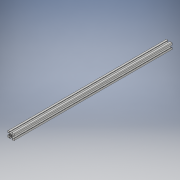
# Autodesk Inventor part: 20-2020-500-CL
Saved by Autodesk Inventor 2025 (Build 290162000, 162)
## iProperties
Created: 2024-07-05
Part Number: 20-2020-500-CL
Material: Generic
Catalog Web Link: www.cadenas.de
Description: 20-2020, 2020-Black-T-Slotted Profile - 20 Series
Vendor: 8020
Document SubType Name: Modeling
Designer: psAdmin
Manufacturer: 8020
Mass: 79.6867 g
Surface Area: 910.39 cm^2
Volume: 79.6867 cm^3
Density: 1 g/cm^3
Appearance: PSOLRGB-191-191-191
Category: PARTsolutions
Company: 8020
PSOL_IDENT_0: {$CADENAS_DATA/23d-libs/8020/metric/profiles/20_series/20_2020.prj},187 {VTYP=3D},{NB=20-2020-500-CL
PSOL_IDENT_1: },{LINA=20-2020-500},{NN=20-2020, 2020-Black},{DATE=01.08.2023 13:37:04},{GEOMDATE=09.02.2018 09:13:
PSOL_IDENT_2: 03},{VERSION=},{LINEID=10},{WBVAR=FIN,LS,L},{WBNUMERIC=L}  {NB=20-2020-500-CL},{LINA=20-2020-500},{K
PSOL_IDENT_3: T=DUMMY},{PN=20-2020-500},{PN1=20-2020},{FIN=CA},{LS=-CL},{L=500.00},{SERIES=20-2020},{MAT=6105-T5 A
PSOL_IDENT_4: luminum},{W=0.4732},{LALG=[25:6000/0.05]},{MIX=0.6826},{MIY=0.6826},{EA=1.5890},{COLOR=.75,.75,.75}
NB: 20-2020-500-CL
NN: 20-2020, 2020-Black
NT: T-Slotted Profile - 20 Series
NBSYN: $PN.$LS.
LINA: 20-2020-500
CATALOG: 80/20
PN: 20-2020-500
FIN: Clear Anodize
LS: Custom Length
L: 500
SERIES: 20-2020
MAT: 6105-T5 Aluminum
W: 0.4732
MIX: 0.6826
MIY: 0.6826
EA: 1.5890
SUPPLIER: 8020
ARTICLENO: 20-2020-500-CL
BOMINFO: 20-2020-500
CREATOR: CADENAS GmbH
Title: 20-2020-500
Author: Cadenas PARTsolutions
Comments: T-Slotted Profile - 20 Series
Autodesk Inventor part; units mm, degrees
ref_plane "YZ Plane" through (0, 0, 0) normal (1, 0, 0) x (0, 1, 0)
ref_plane "XZ Plane" through (0, 0, 0) normal (0, 1, 0) x (-1, 0, 0)
ref_plane "XY Plane" through (0, 0, 0) normal (0, 0, 1) x (1, 0, 0)
sketch "Sketch_1" plane through (0, 0, 0) normal (0, 0, 1) x (1, 0, 0)
  arc A0 (-10, -8.5) -> (-8.5, -10) centre (-8.5, -8.5) ccw
  line L0 (-8.5, -10) -> (-3.138, -10)
  arc A1 (-3.138, -10) -> (-2.63, -9.492) centre (-3.138, -9.492) ccw
  line L1 (-2.63, -9.492) -> (-2.63, -9.008)
  arc A2 (-2.63, -9.008) -> (-3.138, -8.5) centre (-3.138, -9.008) ccw
  line L2 (-3.138, -8.5) -> (-5.487, -8.5)
  arc A3 (-5.995, -7.992) -> (-5.487, -8.5) centre (-5.487, -7.992) ccw
  line L3 (-5.995, -7.992) -> (-5.995, -7.2662)
  arc A4 (-5.8462, -6.907) -> (-5.995, -7.2662) centre (-5.487, -7.2662) ccw
  line L4 (-5.8462, -6.907) -> (-2.743, -3.8038)
  arc A5 (-2.3838, -3.655) -> (-2.743, -3.8038) centre (-2.3838, -4.163) ccw
  line L5 (-2.3838, -3.655) -> (2.3841, -3.655)
  arc A6 (2.7433, -3.8038) -> (2.3841, -3.655) centre (2.3841, -4.163) ccw
  line L6 (2.7433, -3.8038) -> (5.8462, -6.9067)
  arc A7 (5.995, -7.2659) -> (5.8462, -6.9067) centre (5.487, -7.2659) ccw
  line L7 (5.995, -7.2659) -> (5.995, -7.992)
  arc A8 (5.487, -8.5) -> (5.995, -7.992) centre (5.487, -7.992) ccw
  line L8 (5.487, -8.5) -> (3.138, -8.5)
  arc A9 (3.138, -8.5) -> (2.63, -9.008) centre (3.138, -9.008) ccw
  line L9 (2.63, -9.008) -> (2.63, -9.492)
  arc A10 (2.63, -9.492) -> (3.138, -10) centre (3.138, -9.492) ccw
  line L10 (3.138, -10) -> (8.5, -10)
  arc A11 (8.5, -10) -> (10, -8.5) centre (8.5, -8.5) ccw
  line L11 (10, -8.5) -> (10, -3.138)
  arc A12 (10, -3.138) -> (9.492, -2.63) centre (9.492, -3.138) ccw
  line L12 (9.492, -2.63) -> (9.008, -2.63)
  arc A13 (9.008, -2.63) -> (8.5, -3.138) centre (9.008, -3.138) ccw
  line L13 (8.5, -3.138) -> (8.5, -5.487)
  arc A14 (7.992, -5.995) -> (8.5, -5.487) centre (7.992, -5.487) ccw
  line L14 (7.992, -5.995) -> (7.2662, -5.995)
  arc A15 (6.907, -5.8462) -> (7.2662, -5.995) centre (7.2662, -5.487) ccw
  line L15 (6.907, -5.8462) -> (3.8038, -2.743)
  arc A16 (3.655, -2.3838) -> (3.8038, -2.743) centre (4.163, -2.3838) ccw
  line L16 (3.655, -2.3838) -> (3.655, 2.3841)
  arc A17 (3.8038, 2.7433) -> (3.655, 2.3841) centre (4.163, 2.3841) ccw
  line L17 (3.8038, 2.7433) -> (6.9067, 5.8462)
  arc A18 (7.2659, 5.995) -> (6.9067, 5.8462) centre (7.2659, 5.487) ccw
  line L18 (7.2659, 5.995) -> (7.992, 5.995)
  arc A19 (8.5, 5.487) -> (7.992, 5.995) centre (7.992, 5.487) ccw
  line L19 (8.5, 5.487) -> (8.5, 3.138)
  arc A20 (8.5, 3.138) -> (9.008, 2.63) centre (9.008, 3.138) ccw
  line L20 (9.008, 2.63) -> (9.492, 2.63)
  arc A21 (9.492, 2.63) -> (10, 3.138) centre (9.492, 3.138) ccw
  line L21 (10, 3.138) -> (10, 8.5)
  arc A22 (10, 8.5) -> (8.5, 10) centre (8.5, 8.5) ccw
  line L22 (8.5, 10) -> (3.138, 10)
  arc A23 (3.138, 10) -> (2.63, 9.492) centre (3.138, 9.492) ccw
  line L23 (2.63, 9.492) -> (2.63, 9.008)
  arc A24 (2.63, 9.008) -> (3.138, 8.5) centre (3.138, 9.008) ccw
  line L24 (3.138, 8.5) -> (5.487, 8.5)
  arc A25 (5.995, 7.992) -> (5.487, 8.5) centre (5.487, 7.992) ccw
  line L25 (5.995, 7.992) -> (5.995, 7.2662)
  arc A26 (5.8462, 6.907) -> (5.995, 7.2662) centre (5.487, 7.2662) ccw
  line L26 (5.8462, 6.907) -> (2.743, 3.8038)
  arc A27 (2.3838, 3.655) -> (2.743, 3.8038) centre (2.3838, 4.163) ccw
  line L27 (2.3838, 3.655) -> (-2.3841, 3.655)
  arc A28 (-2.7433, 3.8038) -> (-2.3841, 3.655) centre (-2.3841, 4.163) ccw
  line L28 (-2.7433, 3.8038) -> (-5.8462, 6.9067)
  arc A29 (-5.995, 7.2659) -> (-5.8462, 6.9067) centre (-5.487, 7.2659) ccw
  line L29 (-5.995, 7.2659) -> (-5.995, 7.992)
  arc A30 (-5.487, 8.5) -> (-5.995, 7.992) centre (-5.487, 7.992) ccw
  line L30 (-5.487, 8.5) -> (-3.138, 8.5)
  arc A31 (-3.138, 8.5) -> (-2.63, 9.008) centre (-3.138, 9.008) ccw
  line L31 (-2.63, 9.008) -> (-2.63, 9.492)
  arc A32 (-2.63, 9.492) -> (-3.138, 10) centre (-3.138, 9.492) ccw
  line L32 (-3.138, 10) -> (-8.5, 10)
  arc A33 (-8.5, 10) -> (-10, 8.5) centre (-8.5, 8.5) ccw
  line L33 (-10, 8.5) -> (-10, 3.138)
  arc A34 (-10, 3.138) -> (-9.492, 2.63) centre (-9.492, 3.138) ccw
  line L34 (-9.492, 2.63) -> (-9.008, 2.63)
  arc A35 (-9.008, 2.63) -> (-8.5, 3.138) centre (-9.008, 3.138) ccw
  line L35 (-8.5, 3.138) -> (-8.5, 5.487)
  arc A36 (-7.992, 5.995) -> (-8.5, 5.487) centre (-7.992, 5.487) ccw
  line L36 (-7.992, 5.995) -> (-7.2662, 5.995)
  arc A37 (-6.907, 5.8462) -> (-7.2662, 5.995) centre (-7.2662, 5.487) ccw
  line L37 (-6.907, 5.8462) -> (-3.8038, 2.743)
  arc A38 (-3.655, 2.3838) -> (-3.8038, 2.743) centre (-4.163, 2.3838) ccw
  line L38 (-3.655, 2.3838) -> (-3.655, -2.3841)
  arc A39 (-3.8038, -2.7433) -> (-3.655, -2.3841) centre (-4.163, -2.3841) ccw
  line L39 (-3.8038, -2.7433) -> (-6.9067, -5.8462)
  arc A40 (-7.2659, -5.995) -> (-6.9067, -5.8462) centre (-7.2659, -5.487) ccw
  line L40 (-7.2659, -5.995) -> (-7.992, -5.995)
  arc A41 (-8.5, -5.487) -> (-7.992, -5.995) centre (-7.992, -5.487) ccw
  line L41 (-8.5, -5.487) -> (-8.5, -3.138)
  arc A42 (-8.5, -3.138) -> (-9.008, -2.63) centre (-9.008, -3.138) ccw
  line L42 (-9.008, -2.63) -> (-9.492, -2.63)
  arc A43 (-9.492, -2.63) -> (-10, -3.138) centre (-9.492, -3.138) ccw
  line L43 (-10, -3.138) -> (-10, -8.5)
  arc A44 (-1.9358, -0.8037) -> (-2.3045, -2.1245) centre (-1.748, -1.568) ccw
  line L44 (-2.3045, -2.1245) -> (-2.1245, -2.3045)
  arc A45 (-2.1245, -2.3045) -> (-0.8037, -1.9358) centre (-1.568, -1.748) ccw
  arc A46 (-0.8037, -1.9358) -> (0.8037, -1.9358) centre (0, 0) ccw
  arc A47 (0.8037, -1.9358) -> (2.1245, -2.3045) centre (1.568, -1.748) ccw
  line L45 (2.1245, -2.3045) -> (2.3045, -2.1245)
  arc A48 (2.3045, -2.1245) -> (1.9358, -0.8037) centre (1.748, -1.568) ccw
  arc A49 (1.9358, -0.8037) -> (1.9358, 0.8037) centre (0, 0) ccw
  arc A50 (1.9358, 0.8037) -> (2.3045, 2.1245) centre (1.748, 1.568) ccw
  line L46 (2.3045, 2.1245) -> (2.1245, 2.3045)
  arc A51 (2.1245, 2.3045) -> (0.8037, 1.9358) centre (1.568, 1.748) ccw
  arc A52 (0.8037, 1.9358) -> (-0.8037, 1.9358) centre (0, 0) ccw
  arc A53 (-0.8037, 1.9358) -> (-2.1245, 2.3045) centre (-1.568, 1.748) ccw
  line L47 (-2.1245, 2.3045) -> (-2.3045, 2.1245)
  arc A54 (-2.3045, 2.1245) -> (-1.9358, 0.8037) centre (-1.748, 1.568) ccw
  arc A55 (-1.9358, 0.8037) -> (-1.9358, -0.8037) centre (0, 0) ccw
  constraints: 112 point on circle, 96 end point, 56 centre point
extrude "Extrusion1" add sketch "Sketch_1" against normal blind 500
body "Solid1"

• [Task instructions]: In the records above, find the line with "arc A29 (-5.995, 7.2659)"; write out exactly that line and each one after it, stopping after the line with "arc A44 (-1.9358, -0.8037)".

• [Written answer]:
  arc A29 (-5.995, 7.2659) -> (-5.8462, 6.9067) centre (-5.487, 7.2659) ccw
  line L29 (-5.995, 7.2659) -> (-5.995, 7.992)
  arc A30 (-5.487, 8.5) -> (-5.995, 7.992) centre (-5.487, 7.992) ccw
  line L30 (-5.487, 8.5) -> (-3.138, 8.5)
  arc A31 (-3.138, 8.5) -> (-2.63, 9.008) centre (-3.138, 9.008) ccw
  line L31 (-2.63, 9.008) -> (-2.63, 9.492)
  arc A32 (-2.63, 9.492) -> (-3.138, 10) centre (-3.138, 9.492) ccw
  line L32 (-3.138, 10) -> (-8.5, 10)
  arc A33 (-8.5, 10) -> (-10, 8.5) centre (-8.5, 8.5) ccw
  line L33 (-10, 8.5) -> (-10, 3.138)
  arc A34 (-10, 3.138) -> (-9.492, 2.63) centre (-9.492, 3.138) ccw
  line L34 (-9.492, 2.63) -> (-9.008, 2.63)
  arc A35 (-9.008, 2.63) -> (-8.5, 3.138) centre (-9.008, 3.138) ccw
  line L35 (-8.5, 3.138) -> (-8.5, 5.487)
  arc A36 (-7.992, 5.995) -> (-8.5, 5.487) centre (-7.992, 5.487) ccw
  line L36 (-7.992, 5.995) -> (-7.2662, 5.995)
  arc A37 (-6.907, 5.8462) -> (-7.2662, 5.995) centre (-7.2662, 5.487) ccw
  line L37 (-6.907, 5.8462) -> (-3.8038, 2.743)
  arc A38 (-3.655, 2.3838) -> (-3.8038, 2.743) centre (-4.163, 2.3838) ccw
  line L38 (-3.655, 2.3838) -> (-3.655, -2.3841)
  arc A39 (-3.8038, -2.7433) -> (-3.655, -2.3841) centre (-4.163, -2.3841) ccw
  line L39 (-3.8038, -2.7433) -> (-6.9067, -5.8462)
  arc A40 (-7.2659, -5.995) -> (-6.9067, -5.8462) centre (-7.2659, -5.487) ccw
  line L40 (-7.2659, -5.995) -> (-7.992, -5.995)
  arc A41 (-8.5, -5.487) -> (-7.992, -5.995) centre (-7.992, -5.487) ccw
  line L41 (-8.5, -5.487) -> (-8.5, -3.138)
  arc A42 (-8.5, -3.138) -> (-9.008, -2.63) centre (-9.008, -3.138) ccw
  line L42 (-9.008, -2.63) -> (-9.492, -2.63)
  arc A43 (-9.492, -2.63) -> (-10, -3.138) centre (-9.492, -3.138) ccw
  line L43 (-10, -3.138) -> (-10, -8.5)
  arc A44 (-1.9358, -0.8037) -> (-2.3045, -2.1245) centre (-1.748, -1.568) ccw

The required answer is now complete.